The problem →
Go through the records that follow and tally the lines with "Angular" in them; answer with the number alone.

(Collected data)
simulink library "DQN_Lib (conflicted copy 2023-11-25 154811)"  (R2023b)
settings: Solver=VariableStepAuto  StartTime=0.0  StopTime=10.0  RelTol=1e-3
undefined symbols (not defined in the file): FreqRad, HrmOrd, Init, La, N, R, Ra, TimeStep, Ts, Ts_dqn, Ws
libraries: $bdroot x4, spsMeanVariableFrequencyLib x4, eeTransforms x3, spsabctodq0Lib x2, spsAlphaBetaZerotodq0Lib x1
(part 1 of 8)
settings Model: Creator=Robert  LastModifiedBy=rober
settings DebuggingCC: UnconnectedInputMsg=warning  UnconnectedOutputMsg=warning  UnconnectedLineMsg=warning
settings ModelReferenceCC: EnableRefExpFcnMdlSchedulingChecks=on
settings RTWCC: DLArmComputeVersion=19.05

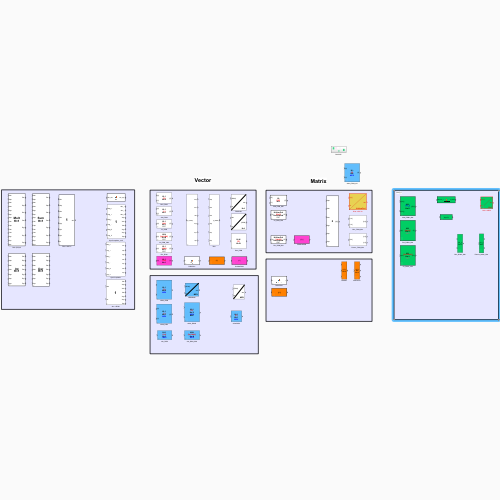
[thumbnail: Simulink's stored preview of the top-level diagram]
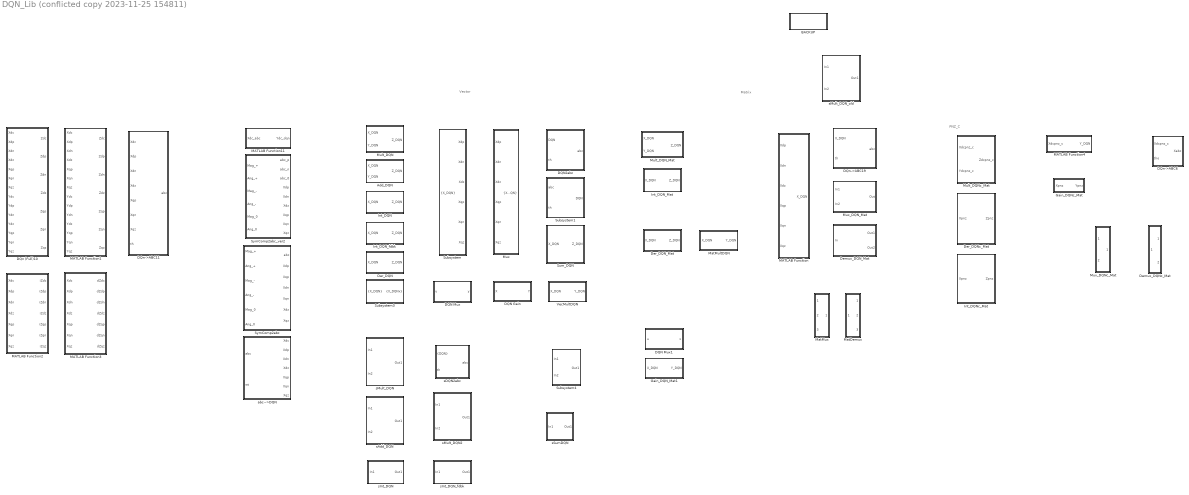
== system DQN_Lib (conflicted copy 2023-11-25 154811) ==
  note: PNZ_C
  note: Vector
  note: Matrix
  Add_DQN : Subsystem  mask{HrmOrd=1, chkHrmLst=off, HrmLst=[1]}
      mask prompts: HrmOrd "Harmonic order:"; chkHrmLst "Only specific harmonics"; HrmLst "Harmonic list:"
      mask Callback chkHrmLst:
      | EMT = get_param(gcb,'chkHrmLst');
      | 
      | if(strcmp(EMT,'on'))
      |    set_param(gcb,'MaskVisibilities',{'on','on','on'});
      | else
      |    set_param(gcb,'MaskVisibilities',{'on','on','off'});
      | end
      mask Display:
      | %plot([0 1])
      | port_label('input',1,'{X}');
      | port_label('input',2,'{Y}');
      | port_label('output',1,'{Z}');
      | 
      | 
      | 
      | harm = get_param(gcb, 'HrmOrd');
      | disp(['{\color{black}\bf\fontsize{12}Hi:',(harm),'}',newline,'{\color{red}\bf\fontsize{12}\{+\}}',newline,'{\color{black}\bf\fontsize{12}Ho:',(harm),'}'], 'texmode','on');
  BACKUP : Subsystem
  DQN Gain : MATLAB Function  TreatAsAtomicUnit=on  mask{H=1, Rvec=[]}
      mask prompts: H "Harmonic order:"; Rvec "[Ca,Cb,Cc]"
  DQN Mux : MATLAB Function  TreatAsAtomicUnit=on  mask{N=1}
      mask prompts: N "Harmonic order:"
  DQN Mux1 : MATLAB Function  TreatAsAtomicUnit=on  mask{N=1}
      mask prompts: N "Harmonic order:"
  DQN2abc : Subsystem  mask{HrmOrd=1}
      mask prompts: HrmOrd "Harmonic order:"
      mask Display:
      | plot([0 1], [0,1])
      | port_label('input',1,'{DQN}');
      | port_label('input',2,'wt');
      | port_label('output',1,'abc');
      | 
      | 
      | 
      | harm = get_param(gcb, 'HrmOrd');
      | %disp([newline,'{\bf\fontsize{12}H=',harm,'}'], 'texmode','on');
      | text(.95,.05,[newline,'{\bf\fontsize{12}H=',harm,'}'], 'horizontalAlignment', 'right', 'verticalAlignment','bottom','texmode','on')
  DQn (Full)10 : MATLAB Function  TreatAsAtomicUnit=on  mask{N=1}
      mask prompts: N "Harmonic order:"
  DQn->ABC11 : MATLAB Function  TreatAsAtomicUnit=on  mask{N=1}
      mask prompts: N "Harmonic order:"
  DQn->ABC19 : MATLAB Function  TreatAsAtomicUnit=on  mask{N=HrmOrd}
      mask prompts: N "Harmonic order:"
  DQn->ABC6 : MATLAB Function  TreatAsAtomicUnit=on  mask{N=1}
      mask prompts: N "Harmonic order:"
  Demux_DQN_Mat : Subsystem  mask{nrOut=2, N=0}
      mask prompts: nrOut "Number of outputs:"; N "Harmonic order:"
      mask init:
      | %fieldnames(get_param('DQn_ABC_Test_compact/Mux34','DialogParameters'))
      | 
      | if(nrOut==0)
      |     Simulink.SubSystem.deleteContents(gcb);
      | else
      | 
      |     PortHandles = get_param(gcb,'PortHandles');
      |     lenInp = length(PortHandles.Outport);
      |     
      |     if(nrOut ~= lenInp)
      | 
      | %         ss_size = ['[6,',num2str(nrOut),'*(',num2str(N+1),')]' ];
      | %         in_size = ['[',num2str(N+1),',6]'];
      | %         out_size = ['[',num2str(nrOut*(N+1)),',6]'];
      |         
      |         out_size = ['[',num2str(N+1),',6]' ];
      |         in_size = ['[',num2str(nrOut*(N+1)),',6]'];
      |         ss_size = ['[6,',num2str(N+1),']' ];
      |         
      |               
      |         Simulink.SubSystem.deleteContents(gcb);
      |         
      |         InportName = 'In';
      |         add_block('built-in/Inport',[gcb,'/',InportName] );
      |         set_param([gcb,'/', InportName ],'position' , [50,65+1*50,90,85+1*50]);
      |                
      |         add_block('simulink/Signal Attributes/Signal Specification', [gcb,'/','Sp_out'], 'Dimensions', in_size );
      |         set_param([gcb,'/','Sp_out'],'position' , [50,65+1*50,90,85+1*50]+[100,0,100,0]);
      |         
      |         add_block('simulink/Quick Insert/Math Operations/Transpose', [gcb,'/Transpose']);
      |         set_param([gcb,'/Transpose'],'position' , [50,65+1*50,90,85+1*50]+[200,0,200,0]);
      |         
      |         add_block('simulink/Math Operations/Reshape', [gcb,'/ss_block'])
      |         set_param([gcb,'/ss_block'],'position' , [50,65+1*50,90,85+1*50]+[300,0,300,0]);
      |        
      |         add_block('built-in/Demux',[gcb,'/Demux'], 'Outputs',num2str(nrOut));
      |         set_param([gcb,'/Demux'],'position' , [200,100,210,100+nrOut*50]+1*[300,0,300,0])
      |         
      |         add_line(gcb,'In/1', 'Sp_out/1','autorouting','on');
      |         add_line(gcb,'Sp_out/1', 'Transpose/1','autorouting','on');
      |         add_line(gcb,'Transpose/1', 'ss_block/1','autorouting','on');
      |         add_line(gcb,'ss_block/1', 'Demux/1','autorouting','on');
      |         
      |         MuxInputs = ['['];
      | 
      |         for i = 1 : nrOut
      |             MuxInputs = [MuxInputs,num2str((N+1)*6),','];
      |             OutportName = strcat('Out',num2str(i));
      |             ReshapeName = strcat('Re_out',num2str(i));
      |             TransposeName = strcat('Tr_out',num2str(i));
      |             SignalSpecName = strcat('Sp_out',num2str(i));
      | 
      |             add_block('built-in/Outport',[gcb,'/',OutportName] );
      |             set_param([gcb,'/', OutportName ],'position' , [750,65+i*50,790,85+i*50]+4*[100,0,100,0]);
      |                        
      |             add_block('simulink/Math Operations/Reshape',[gcb,'/',ReshapeName ], 'OutputDimensionality', 'Customize', 'OutputDimensions',ss_size );
      |             set_param([gcb,'/',ReshapeName ],'position' , [750,65+i*50,790,85+i*50]+1*[100,0,100,0]);
      |             
      |             add_block('simulink/Quick Insert/Math Operations/Transpose', [gcb,'/',TransposeName] );
      |             set_param([gcb,'/',TransposeName],'position' , [750,65+i*50,790,85+i*50]+2*[100,0,100,0]);
      |             
      |             add_block('simulink/Signal Attributes/Signal Specification', [gcb,'/',SignalSpecName], 'Dimensions', out_size );
      |             set_param([gcb,'/',SignalSpecName],'position', [750,65+i*50,790,85+i*50]+3*[100,0,100,0]);
      | 
      |             add_line(gcb,strcat('Demux/',num2str(i)), strcat(ReshapeName,'/1'), 'autorouting','on');
      |             add_line(gcb,strcat(ReshapeName,'/1'), strcat(TransposeName,'/1'),'autorouting','on');
      |             add_line(gcb,strcat(TransposeName,'/1'),strcat(SignalSpecName,'/1'),'autorouting','on');
      |             add_line(gcb,strcat(SignalSpecName,'/1'),strcat(OutportName,'/1'),'autorouting','on');
      |         end
      | 
      |         MuxInputs = [MuxInputs(1:end-1),']'];
      |         set_param([gcb,'/Demux'],'Outputs', MuxInputs);
      |         
      | 
      | 
      |     end
      | end
      mask Display:
      | NN = get_param(gcb, 'N');
      | 
      | 
      | Test = str2num(get_param(gcb, 'N'));
      | 
      | if(isempty(Test))
      |     std = ['[(N+1),6]'];
      |     text = [];
      |     for i = 1 : nrOut
      |         port_label('output',i,std);
      |     end
      |     port_label('input',1,['[',num2str(nrOut),'*(N+1),6]']);
      | else
      |     harm = str2num(NN);
      |     std = ['[',num2str(harm+1),',6]'];
      |     text = [];
      |     for i = 1 : nrOut
      |         port_label('output',i,std);
      |     end
      |     port_label('input',1,['[',num2str(nrOut*(harm+1)),',6]']);
      | end
  Demux_DQNc_Mat : Subsystem  mask{nrOut=2}
      mask prompts: nrOut "Number of outputs [{C}]"
      mask init:
      | if(isempty(nrOut))
      |     Simulink.SubSystem.deleteContents(gcb);
      | else
      | 
      |     IndexOptionArray = cell(2,1);
      |     IndexOptionArray(1) = {'Select all'           };
      |     IndexOptionArray(2) = {'Index vector (dialog)'};
      | 
      |     PortHandles = get_param(gcb,'PortHandles');
      | 
      |     lenOut = length(PortHandles.Outport);
      | 
      |     if(nrOut ~= lenOut) % Important to avoid reinitialization of the block!
      | 
      |         Simulink.SubSystem.deleteContents(gcb);
      | 
      |         add_block('built-in/Inport',[gcb,strcat('/In',num2str(1))]);
      |         set_param([gcb,strcat('/In',num2str(1))],'position' , [50,65+1*50,90,85+1*50]);
      | 
      |         for i = 1 : nrOut
      |             add_block('simulink/Signal Routing/Selector',[gcb,strcat('/Sel',num2str(i))],...
      |                 'IndexOptionArray',IndexOptionArray,...
      |                 'NumberOfDimensions','2',...
      |                 'IndexOptions','Index vector (dialog),Select all',...
      |                 'Indices',strcat(num2str((i-1)*3+1),':',num2str((i-1)*3+3),', 1') ...
      |                 );
      |             set_param([gcb,strcat('/Sel',num2str(i))],'position' , [450,65+i*50,490,85+i*50])
      | 
      | 
      |             add_block('built-in/Outport',[gcb,strcat('/Out',num2str(i))]);
      |             set_param([gcb,strcat('/Out',num2str(i))],'position' , [750,65+i*50,790,85+i*50]);
      | 
      |             add_line(gcb,strcat('In',num2str(1),'/1'),  strcat('Sel',num2str(i),'/1'),'autorouting','on');
      |             add_line(gcb,strcat('Sel',num2str(i),'/1'), strcat('Out',num2str(i),'/1'),'autorouting','on');
      |         end
      | 
      |     end
      | 
      | end
      mask Display: disp(['{\color{red}\bf\fontsize{12}} [\{X_C\}]',newline,' MUX'], 'texmode','on');
  Der_DQN : Subsystem  mask{HrmOrd=1, FreqRad=2*pi*50, Ts=0, EMT=on, sw_soft=on, chkHrmLst=off, HrmLst=[1]}
      mask prompts: HrmOrd "Harmonic order:"; FreqRad "Angular frequency (rad/s);"; Ts "Time step (s):"; EMT "Enable EMT"; sw_soft "Soft start"; chkHrmLst "Only specific harmonics"; HrmLst "Harmonic list:"
      mask Callback EMT:
      | EMT = get_param(gcb,'EMT');
      | EMT2 = get_param(gcb,'chkHrmLst');
      | 
      | 
      | if(strcmp(EMT,'on') && strcmp(EMT2,'on'))
      |    set_param(gcb,'MaskVisibilities',{'on','on','on','on','on','on','on'});
      | elseif(strcmp(EMT,'on') && strcmp(EMT2,'off'))
      |    set_param(gcb,'MaskVisibilities',{'on','on','on','on','on','on','off'});
      | elseif(strcmp(EMT,'off') && strcmp(EMT2,'on'))
      |    set_param(gcb,'MaskVisibilities',{'on','on','on','on','off','on','on'});
      | else
      |    set_param(gcb,'MaskVisibilities',{'on','on','on','on','off','on','off'});
      | end
      mask Callback chkHrmLst:
      | EMT = get_param(gcb,'EMT');
      | EMT2 = get_param(gcb,'chkHrmLst');
      | 
      | 
      | if(strcmp(EMT,'on') && strcmp(EMT2,'on'))
      |    set_param(gcb,'MaskVisibilities',{'on','on','on','on','on','on','on'});
      | elseif(strcmp(EMT,'on') && strcmp(EMT2,'off'))
      |    set_param(gcb,'MaskVisibilities',{'on','on','on','on','on','on','off'});
      | elseif(strcmp(EMT,'off') && strcmp(EMT2,'on'))
      |    set_param(gcb,'MaskVisibilities',{'on','on','on','on','off','on','on'});
      | else
      |    set_param(gcb,'MaskVisibilities',{'on','on','on','on','off','on','off'});
      | end
      mask Display:
      | %plot([0 1])
      | port_label('input',1,'{X}');
      | port_label('output',1,'{Z}');
      | 
      | harm = get_param(gcb, 'HrmOrd');
      | 
      | if(numel(get_param(gcb, 'EMT'))==2)
      |     disp(['{\color{black}\bf\fontsize{12}Hi:',(harm),'}',newline,'{\color{red}\bf\fontsize{12}\{d/dt\}}',newline,'{\color{black}\bf\fontsize{12}Ho:',(harm),'}',newline,'{\color{gray}\bf\fontsize{12}EMT}'], 'texmode','on');
      | else
      |     disp(['{\color{black}\bf\fontsize{12}Hi:',(harm),'}',newline,'{\color{red}\bf\fontsize{12}\{d/dt\}}',newline,'{\color{black}\bf\fontsize{12}Ho:',(harm),'}'], 'texmode','on');
      | end
  Der_DQN_Mat : MATLAB Function  TreatAsAtomicUnit=on  mask{N=HrmOrd, w=FreqRad, Ts=Ts, EMT=on, sw_soft=on}
      mask prompts: N "Harmonic order:"; w "Frequency (rad/s):"; Ts "Time step (s):"; EMT "Enable EMT"; sw_soft "Soft start?"
  Der_DQNc_Mat : MATLAB Function  TreatAsAtomicUnit=on  mask{Ts=50e-6, N=1, w=2*pi*50, EMT=on, sw_soft=on}
      mask prompts: Ts "Time step (s):"; N "Harmonic order:"; w "Angular frequency [1/rad]:"; sw_soft "Soft start"
  Gain_DQN_Mat1 : MATLAB Function  TreatAsAtomicUnit=on  mask{H=1, R=[], chkInv=off}
      mask prompts: H "Harmonic order:"; R "Line matrix [3x3]"; chkInv "Invert?"
  Gain_DQNc_Mat : MATLAB Function  TreatAsAtomicUnit=on  mask{Rabc=[R zeros(3,3); zeros(3,3) R], HRM=N, chkInv=off}
      mask prompts: Rabc "Line matrix [3x3]:"; HRM "Harmonic order:"; chkInv "Invert"
  Int_DQN : Subsystem  mask{HrmOrd=1, FreqRad=2*pi*50, TimeStep=50e-6, Init=zeros(1,6), EMT=on, chkHrmLst=off, HrmLst=[1]}
      mask prompts: HrmOrd "Harmonic order:"; FreqRad "Angular frequency (rad/s);"; TimeStep "Time step (s):"; Init "DC init [1x6]:"; EMT "Enable EMT"; chkHrmLst "Only specific harmonics"; HrmLst "Harmonic list:"
      mask Callback chkHrmLst:
      | EMT = get_param(gcb,'chkHrmLst');
      | 
      | if(strcmp(EMT,'on'))
      |    set_param(gcb,'MaskVisibilities',{'on','on','on','on','on','on','on'});
      | else
      |    set_param(gcb,'MaskVisibilities',{'on','on','on','on','on','on','off'});
      | end
      mask Display:
      | %plot([0 1])
      | port_label('input',1,'{X}');
      | port_label('output',1,'{Z}');
      | 
      | harm = get_param(gcb, 'HrmOrd');
      | 
      | if(numel(get_param(gcb, 'EMT'))==2)
      |     disp(['{\color{black}\bf\fontsize{12}Hi:',(harm),'}',newline,'{\color{red}\bf\fontsize{12}\{Int\}}',newline,'{\color{black}\bf\fontsize{12}Ho:',(harm),'}',newline,'{\color{gray}\bf\fontsize{12}EMT}'], 'texmode','on');
      | else
      |     disp(['{\color{black}\bf\fontsize{12}Hi:',(harm),'}',newline,'{\color{red}\bf\fontsize{12}\{Int\}}',newline,'{\color{black}\bf\fontsize{12}Ho:',(harm),'}'], 'texmode','on');
      | end
  Int_DQN_Mat : MATLAB Function  TreatAsAtomicUnit=on  mask{N=HrmOrd, dt=TimeStep, w=FreqRad, EMT=on, InitInt=Init}
      mask prompts: N "Order number:"; dt "Time step (s):"; w "Angular frequency (1/rad):"; InitInt "Initial conditions [1x6]:"
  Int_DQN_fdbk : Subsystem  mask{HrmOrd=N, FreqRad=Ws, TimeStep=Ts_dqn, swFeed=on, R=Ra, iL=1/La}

The answer →
4